Because she needs the car as soon as possible, Maddie puts on her slinkiest dress, goes to the animal shelter where Percy volunteers, and comes on to Percy so hard that it’s a wonder every dog in the building didn’t try to hump her legs. Percy is understandably confused, but Maddie has only just begun.
She then forces Percy to accept a ride home from her (she borrowed her friend’s work van which
couldn’t possibly be used as an Uber vehicle), only to be maced by Percy after he comes to the
conclusion she is kidnapping him. The scene ends with Percy literally hosing Maddie down in her front yard, then accepting a date with her for the following day. Are you laughing yet? No? Don’t walk but run away from this movie if you are still there.
Further Analysis
The rest of No Hard Feelings plays out like that scene, following the standard Rom-Com formula, but without the Rom or the Com. Following the, um, meet-cute, there are a couple more really awkward scenes where Maddie is using every euphemism she can think of to entice Percy to have sex, even literally stripping off her clothes in front of him (in a skinny-dipping scene).
Then there are misunderstandings and setbacks, a montage of the two of them doing activities together, the big reveal of the secret agreement, the separation, and finally the reconciliation. None of these things are earned or developed. Instead, the film lurches from one formula step to the next, until it finally collapses on you in a heap of unsatisfaction.
To put it gently, screenwriters John Phillips and Gene Stupnitsky wrote an idiotic screenplay. The film is nothing but a series of increasingly inexplicable events, with Percy and Maddie frequently becoming fed up with each other only to immediately change their minds moments later. It’s quite jarring and off-putting, especially because Maddie and Percy aren’t, particularly likable humans.

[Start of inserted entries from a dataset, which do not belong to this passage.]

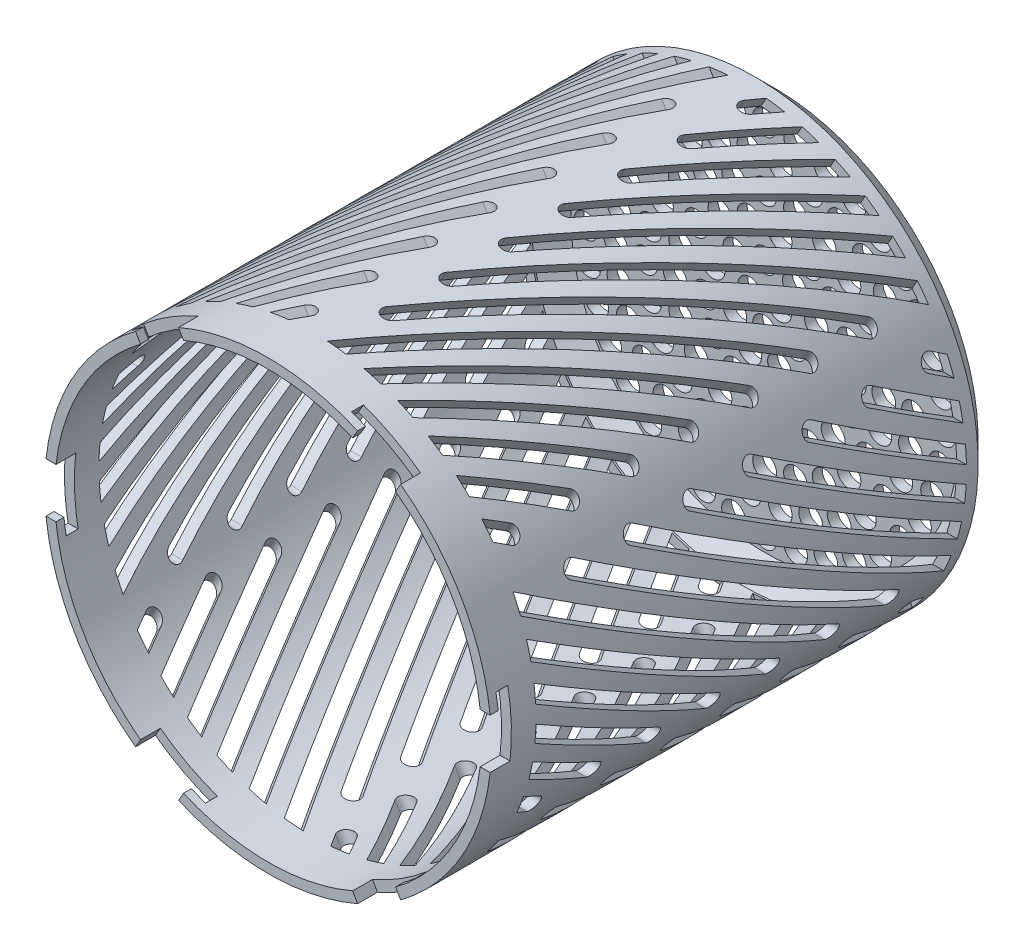
SolidWorks part; units mm, degrees
ref_plane "前视基准面" through (0, 0, 0) normal (0, 0, 1) x (1, 0, 0)
ref_plane "上视基准面" through (0, 0, 0) normal (0, 1, 0) x (1, 0, 0)
ref_plane "右视基准面" through (0, 0, 0) normal (1, 0, 0) x (0, 0, -1)
sketch "草图1" plane through (0, 0, 0) normal (0, 0, 1) x (1, 0, 0)
  circle A0 centre (0, 0) radius 22.5
  circle A1 centre (0, 0) radius 21.5
  dimension "D1" = 45
  dimension "D2" = 43
extrude "凸台-拉伸1" add sketch "草图1" along normal blind 50
sketch "草图2" plane through (0, 0, 0) normal (0, 0, -1) x (-1, 0, 0)
  circle A0 centre (0, 0) radius 22.5
extrude "凸台-拉伸2" add sketch "草图2" along normal blind 1
chamfer "倒角1" distance 2 angle 45 2 edges at (-22.5, 0, -1) (21.5, 0, 0)
sketch "草图3" plane through (0, 0, -1) normal (0, 0, -1) x (-1, 0, 0)
  circle A0 centre (0, 0) radius 1.2
  circle A1 centre (0, 0) radius 3 construction
  circle A3 centre (0, 0) radius 6 construction
  circle A4 centre (0, 0) radius 9 construction
  circle A5 centre (0, 0) radius 12 construction
  circle A6 centre (0, 0) radius 15 construction
  circle A7 centre (0, 0) radius 18 construction
  circle A8 centre (3, 0) radius 1.2
  circle A9 centre (6, 0) radius 1.2
  circle A10 centre (9, 0) radius 1.2
  circle A11 centre (12, 0) radius 1.2
  circle A12 centre (15, 0) radius 1.2
  circle A13 centre (18, 0) radius 1.2
  circle A14 centre (1.5, -2.5981) radius 1.2
  circle A15 centre (-1.5, -2.5981) radius 1.2
  circle A16 centre (-3, 0) radius 1.2
  circle A17 centre (-1.5, 2.5981) radius 1.2
  circle A18 centre (1.5, 2.5981) radius 1.2
  circle A19 centre (5.1962, -3) radius 1.2
  circle A20 centre (3, -5.1962) radius 1.2
  circle A21 centre (0, -6) radius 1.2
  circle A22 centre (-3, -5.1962) radius 1.2
  circle A23 centre (-5.1962, -3) radius 1.2
  circle A24 centre (-6, 0) radius 1.2
  circle A25 centre (-5.1962, 3) radius 1.2
  circle A26 centre (-3, 5.1962) radius 1.2
  circle A27 centre (0, 6) radius 1.2
  circle A28 centre (3, 5.1962) radius 1.2
  circle A29 centre (5.1962, 3) radius 1.2
  circle A30 centre (8.4572, -3.0782) radius 1.2
  circle A31 centre (6.8944, -5.7851) radius 1.2
  circle A32 centre (4.5, -7.7942) radius 1.2
  circle A33 centre (1.5628, -8.8633) radius 1.2
  circle A34 centre (-1.5628, -8.8633) radius 1.2
  circle A35 centre (-4.5, -7.7942) radius 1.2
  circle A36 centre (-6.8944, -5.7851) radius 1.2
  circle A37 centre (-8.4572, -3.0782) radius 1.2
  circle A38 centre (-9, 0) radius 1.2
  circle A39 centre (-8.4572, 3.0782) radius 1.2
  circle A40 centre (-6.8944, 5.7851) radius 1.2
  circle A41 centre (-4.5, 7.7942) radius 1.2
  circle A42 centre (-1.5628, 8.8633) radius 1.2
  circle A43 centre (1.5628, 8.8633) radius 1.2
  circle A44 centre (4.5, 7.7942) radius 1.2
  circle A45 centre (6.8944, 5.7851) radius 1.2
  circle A46 centre (8.4572, 3.0782) radius 1.2
  circle A47 centre (11.5911, -3.1058) radius 1.2
  circle A48 centre (10.3923, -6) radius 1.2
  circle A49 centre (8.4853, -8.4853) radius 1.2
  circle A50 centre (6, -10.3923) radius 1.2
  circle A51 centre (3.1058, -11.5911) radius 1.2
  circle A52 centre (0, -12) radius 1.2
  circle A53 centre (-3.1058, -11.5911) radius 1.2
  circle A54 centre (-6, -10.3923) radius 1.2
  circle A55 centre (-8.4853, -8.4853) radius 1.2
  circle A56 centre (-10.3923, -6) radius 1.2
  circle A57 centre (-11.5911, -3.1058) radius 1.2
  circle A58 centre (-12, 0) radius 1.2
  circle A59 centre (-11.5911, 3.1058) radius 1.2
  circle A60 centre (-10.3923, 6) radius 1.2
  circle A61 centre (-8.4853, 8.4853) radius 1.2
  circle A62 centre (-6, 10.3923) radius 1.2
  circle A63 centre (-3.1058, 11.5911) radius 1.2
  circle A64 centre (0, 12) radius 1.2
  circle A65 centre (3.1058, 11.5911) radius 1.2
  circle A66 centre (6, 10.3923) radius 1.2
  circle A67 centre (8.4853, 8.4853) radius 1.2
  circle A68 centre (10.3923, 6) radius 1.2
  circle A69 centre (11.5911, 3.1058) radius 1.2
  circle A70 centre (14.6722, -3.1187) radius 1.2
  circle A71 centre (13.7032, -6.101) radius 1.2
  circle A72 centre (12.1353, -8.8168) radius 1.2
  circle A73 centre (10.037, -11.1472) radius 1.2
  circle A74 centre (7.5, -12.9904) radius 1.2
  circle A75 centre (4.6353, -14.2658) radius 1.2
  circle A76 centre (1.5679, -14.9178) radius 1.2
  circle A77 centre (-1.5679, -14.9178) radius 1.2
  circle A78 centre (-4.6353, -14.2658) radius 1.2
  circle A79 centre (-7.5, -12.9904) radius 1.2
  circle A80 centre (-10.037, -11.1472) radius 1.2
  circle A81 centre (-12.1353, -8.8168) radius 1.2
  circle A82 centre (-13.7032, -6.101) radius 1.2
  circle A83 centre (-14.6722, -3.1187) radius 1.2
  circle A84 centre (-15, 0) radius 1.2
  circle A85 centre (-14.6722, 3.1187) radius 1.2
  circle A86 centre (-13.7032, 6.101) radius 1.2
  circle A87 centre (-12.1353, 8.8168) radius 1.2
  circle A88 centre (-10.037, 11.1472) radius 1.2
  circle A89 centre (-7.5, 12.9904) radius 1.2
  circle A90 centre (-4.6353, 14.2658) radius 1.2
  circle A91 centre (-1.5679, 14.9178) radius 1.2
  circle A92 centre (1.5679, 14.9178) radius 1.2
  circle A93 centre (4.6353, 14.2658) radius 1.2
  circle A94 centre (7.5, 12.9904) radius 1.2
  circle A95 centre (10.037, 11.1472) radius 1.2
  circle A96 centre (12.1353, 8.8168) radius 1.2
  circle A97 centre (13.7032, 6.101) radius 1.2
  circle A98 centre (14.6722, 3.1187) radius 1.2
  circle A99 centre (17.7265, -3.1257) radius 1.2
  circle A100 centre (16.9145, -6.1564) radius 1.2
  circle A101 centre (15.5885, -9) radius 1.2
  circle A102 centre (13.7888, -11.5702) radius 1.2
  circle A103 centre (11.5702, -13.7888) radius 1.2
  circle A104 centre (9, -15.5885) radius 1.2
  circle A105 centre (6.1564, -16.9145) radius 1.2
  circle A106 centre (3.1257, -17.7265) radius 1.2
  circle A107 centre (0, -18) radius 1.2
  circle A108 centre (-3.1257, -17.7265) radius 1.2
  circle A109 centre (-6.1564, -16.9145) radius 1.2
  circle A110 centre (-9, -15.5885) radius 1.2
  circle A111 centre (-11.5702, -13.7888) radius 1.2
  circle A112 centre (-13.7888, -11.5702) radius 1.2
  circle A113 centre (-15.5885, -9) radius 1.2
  circle A114 centre (-16.9145, -6.1564) radius 1.2
  circle A115 centre (-17.7265, -3.1257) radius 1.2
  circle A116 centre (-18, 0) radius 1.2
  circle A117 centre (-17.7265, 3.1257) radius 1.2
  circle A118 centre (-16.9145, 6.1564) radius 1.2
  circle A119 centre (-15.5885, 9) radius 1.2
  circle A120 centre (-13.7888, 11.5702) radius 1.2
  circle A121 centre (-11.5702, 13.7888) radius 1.2
  circle A122 centre (-9, 15.5885) radius 1.2
  circle A123 centre (-6.1564, 16.9145) radius 1.2
  circle A124 centre (-3.1257, 17.7265) radius 1.2
  circle A125 centre (0, 18) radius 1.2
  circle A126 centre (3.1257, 17.7265) radius 1.2
  circle A127 centre (6.1564, 16.9145) radius 1.2
  circle A128 centre (9, 15.5885) radius 1.2
  circle A129 centre (11.5702, 13.7888) radius 1.2
  circle A130 centre (13.7888, 11.5702) radius 1.2
  circle A131 centre (15.5885, 9) radius 1.2
  circle A132 centre (16.9145, 6.1564) radius 1.2
  circle A133 centre (17.7265, 3.1257) radius 1.2
  point P33 (0, 0)
  point P56 (0, 0)
  point P91 (0, 0)
  point P138 (0, 0)
  point P198 (0, 0)
  point P268 (0, 0)
  dimension "D1" = 2.4
  dimension "D2" = 6
  dimension "D3" = 7
  dimension "D4" = 12
  dimension "D5" = 18
  dimension "D6" = 24
  dimension "D7" = 30
  dimension "D8" = 36
  dimension "D9" = 6
  dimension "D10" = 12
  dimension "D11" = 18
  dimension "D12" = 24
  dimension "D13" = 30
  dimension "D14" = 36
extrude "切除-拉伸1" cut sketch "草图3" against normal blind 12
sketch "草图4" plane through (0, 0, 50) normal (0, 0, 1) x (1, 0, 0)
  line L1 (-27.2924, -2.5) -> (27.2924, -2.5)
  line L2 (-27.2924, -2.5) -> (-27.2924, 2.5)
  line L3 (-27.2924, 2.5) -> (27.2924, 2.5)
  line L4 (27.2924, -2.5) -> (27.2924, 2.5)
  line L5 (-27.2924, -2.5) -> (27.2924, 2.5) construction
  line L6 (-27.2924, 2.5) -> (27.2924, -2.5) construction
  point P0 (0, 0)
  dimension "D1" = 5
extrude "切除-拉伸2" cut sketch "草图4" against normal blind 2
ref_plane "基准面4" through (-22.5, 0, 48) normal (-1, 0, 0) x (0, 0, 1)
sketch "草图5" plane through (-22.5, 0, 48) normal (-1, 0, 0) x (0, 0, 1)
  line L0 (-2.4727, 7.3861) -> (-4.576, 8.6005)
  line L7 (-2.4727, 5.6541) -> (-9.826, 9.8995)
  line L57 (-45.826, 9.8995) -> (-45.826, 8.1675)
  line L58 (-2.4727, 9.1182) -> (-3.826, 9.8995)
  line L59 (-2.4727, 3.922) -> (-10.576, 8.6005)
  line L60 (-2.4727, 2.19) -> (-15.826, 9.8995)
  line L61 (-2.4727, 0.4579) -> (-16.576, 8.6005)
  line L62 (-2.4727, -1.2741) -> (-21.826, 9.8995)
  line L63 (-2.4727, -3.0062) -> (-22.576, 8.6005)
  line L64 (-2.4727, -4.7382) -> (-27.826, 9.8995)
  line L65 (-2.4727, -6.4703) -> (-28.576, 8.6005)
  line L66 (-2.4727, -8.2023) -> (-33.826, 9.8995)
  line L67 (-2.4727, -9.9344) -> (-34.576, 8.6005)
  line L68 (-7.7227, -8.6353) -> (-39.826, 9.8995)
  line L69 (-8.4727, -9.9344) -> (-40.576, 8.6005)
  line L70 (-13.7227, -8.6353) -> (-45.826, 9.8995)
  line L71 (-14.4727, -9.9344) -> (-45.826, 8.1675)
  line L72 (-19.7227, -8.6353) -> (-45.826, 6.4354)
  line L73 (-20.4727, -9.9344) -> (-45.826, 4.7034)
  line L74 (-25.7227, -8.6353) -> (-45.826, 2.9713)
  line L75 (-26.4727, -9.9344) -> (-45.826, 1.2393)
  line L76 (-31.7227, -8.6353) -> (-45.826, -0.4928)
  line L77 (-32.4727, -9.9344) -> (-45.826, -2.2248)
  line L78 (-37.7227, -8.6353) -> (-45.826, -3.9569)
  line L79 (-38.4727, -9.9344) -> (-45.826, -5.6889)
  line L80 (-43.7227, -8.6353) -> (-45.826, -7.421)
  line L81 (-44.4727, -9.9344) -> (-45.826, -9.153)
  line L106 (-2.4727, 3.922) -> (-2.4727, 5.6541)
  line L108 (-2.4727, 7.3861) -> (-2.4727, 9.1182)
  line L116 (-45.826, 6.4354) -> (-45.826, 4.7034)
  line L117 (-45.826, 2.9713) -> (-45.826, 1.2393)
  line L118 (-45.826, -0.4928) -> (-45.826, -2.2248)
  line L119 (-45.826, -3.9569) -> (-45.826, -5.6889)
  line L120 (-45.826, -7.421) -> (-45.826, -9.153)
  line L121 (-2.4727, -9.9344) -> (-2.4727, -8.2023)
  line L122 (-0.0228, -10.0348) -> (-0.0201, -10.0348) construction
  line L123 (-2.4727, 0.4579) -> (-2.4727, 2.19)
  line L124 (-2.4727, -3.0062) -> (-2.4727, -1.2741)
  line L125 (-2.4727, -6.4703) -> (-2.4727, -4.7382)
  line L126 (-0.0228, -10.0348) -> (-0.0201, -10.0348) construction
  arc A0 (-3.826, 9.8995) -> (-4.576, 8.6005) centre (-4.201, 9.25) ccw
  arc A2 (-9.826, 9.8995) -> (-10.576, 8.6005) centre (-10.201, 9.25) ccw
  arc A5 (-15.826, 9.8995) -> (-16.576, 8.6005) centre (-16.201, 9.25) ccw
  arc A6 (-21.826, 9.8995) -> (-22.576, 8.6005) centre (-22.201, 9.25) ccw
  arc A7 (-27.826, 9.8995) -> (-28.576, 8.6005) centre (-28.201, 9.25) ccw
  arc A8 (-33.826, 9.8995) -> (-34.576, 8.6005) centre (-34.201, 9.25) ccw
  arc A9 (-39.826, 9.8995) -> (-40.576, 8.6005) centre (-40.201, 9.25) ccw
  arc A18 (-8.4727, -9.9344) -> (-7.7227, -8.6353) centre (-8.0977, -9.2848) ccw
  arc A19 (-14.4727, -9.9344) -> (-13.7227, -8.6353) centre (-14.0977, -9.2848) ccw
  arc A20 (-20.4727, -9.9344) -> (-19.7227, -8.6353) centre (-20.0977, -9.2848) ccw
  arc A21 (-26.4727, -9.9344) -> (-25.7227, -8.6353) centre (-26.0977, -9.2848) ccw
  arc A22 (-32.4727, -9.9344) -> (-31.7227, -8.6353) centre (-32.0977, -9.2848) ccw
  arc A23 (-38.4727, -9.9344) -> (-37.7227, -8.6353) centre (-38.0977, -9.2848) ccw
  arc A24 (-44.4727, -9.9344) -> (-43.7227, -8.6353) centre (-44.0977, -9.2848) ccw
  arc A25 (-46.8505, 9.625) -> (-46.576, 8.6005) centre (-46.201, 9.25) ccw
  point P0 (-23.5, 0)
  point P2 (0, 0)
  dimension "D1" = 1.5
  dimension "D5" = 1.5
  dimension "D4" = 26
  dimension "D7" = 7
extrude "切除-拉伸3" cut sketch "草图5" against normal blind 5
pattern_circular "阵列(圆周)1" count 6 over 360 about axis through (0, 0, 0) along (0, 0, 1) of "切除-拉伸3"
sketch "草图6" plane through (0, 0, 48) normal (0, 0, 1) x (1, 0, 0)
  line L1 (18.8725, 1) -> (23.8358, 1)
  line L2 (18.8725, 1) -> (18.8725, 4)
  line L3 (18.8725, 4) -> (23.8358, 4)
  line L4 (23.8358, 1) -> (23.8358, 4)
  line L5 (18.8725, 1) -> (23.8358, 4) construction
  line L6 (18.8725, 4) -> (23.8358, 1) construction
  point P0 (21.3542, 2.5)
  dimension "D1" = 3
extrude "切除-拉伸4" cut sketch "草图6" along normal blind 1.2
pattern_circular "阵列(圆周)2" count 6 over 360 about axis through (0, 0, 0) along (0, 0, 1) of "切除-拉伸2", "切除-拉伸4"

At no point do we ever root for the two of them to get together, short-term, or long-term. And I can’t stress enough how cringeworthy and unfunny most of their scenes are. It doesn’t help that bits of social commentary are sprinkled throughout the film but never examined or tied into the plot or events to mean anything.
Conclusion
As much as I like Jennifer Lawrence, this is easily her worst film. I don’t blame her, or Feldman for that matter, for this turd of a film. They both turn in decent performances and are clearly trying to carry a film that doesn’t deserve them. No Hard Feelings comes off as something that people thought sounded funny on paper, but don’t have a sense of humor. Or worse, that it sounded romantic on paper. Worst of all my question still remains – why Jennifer, why?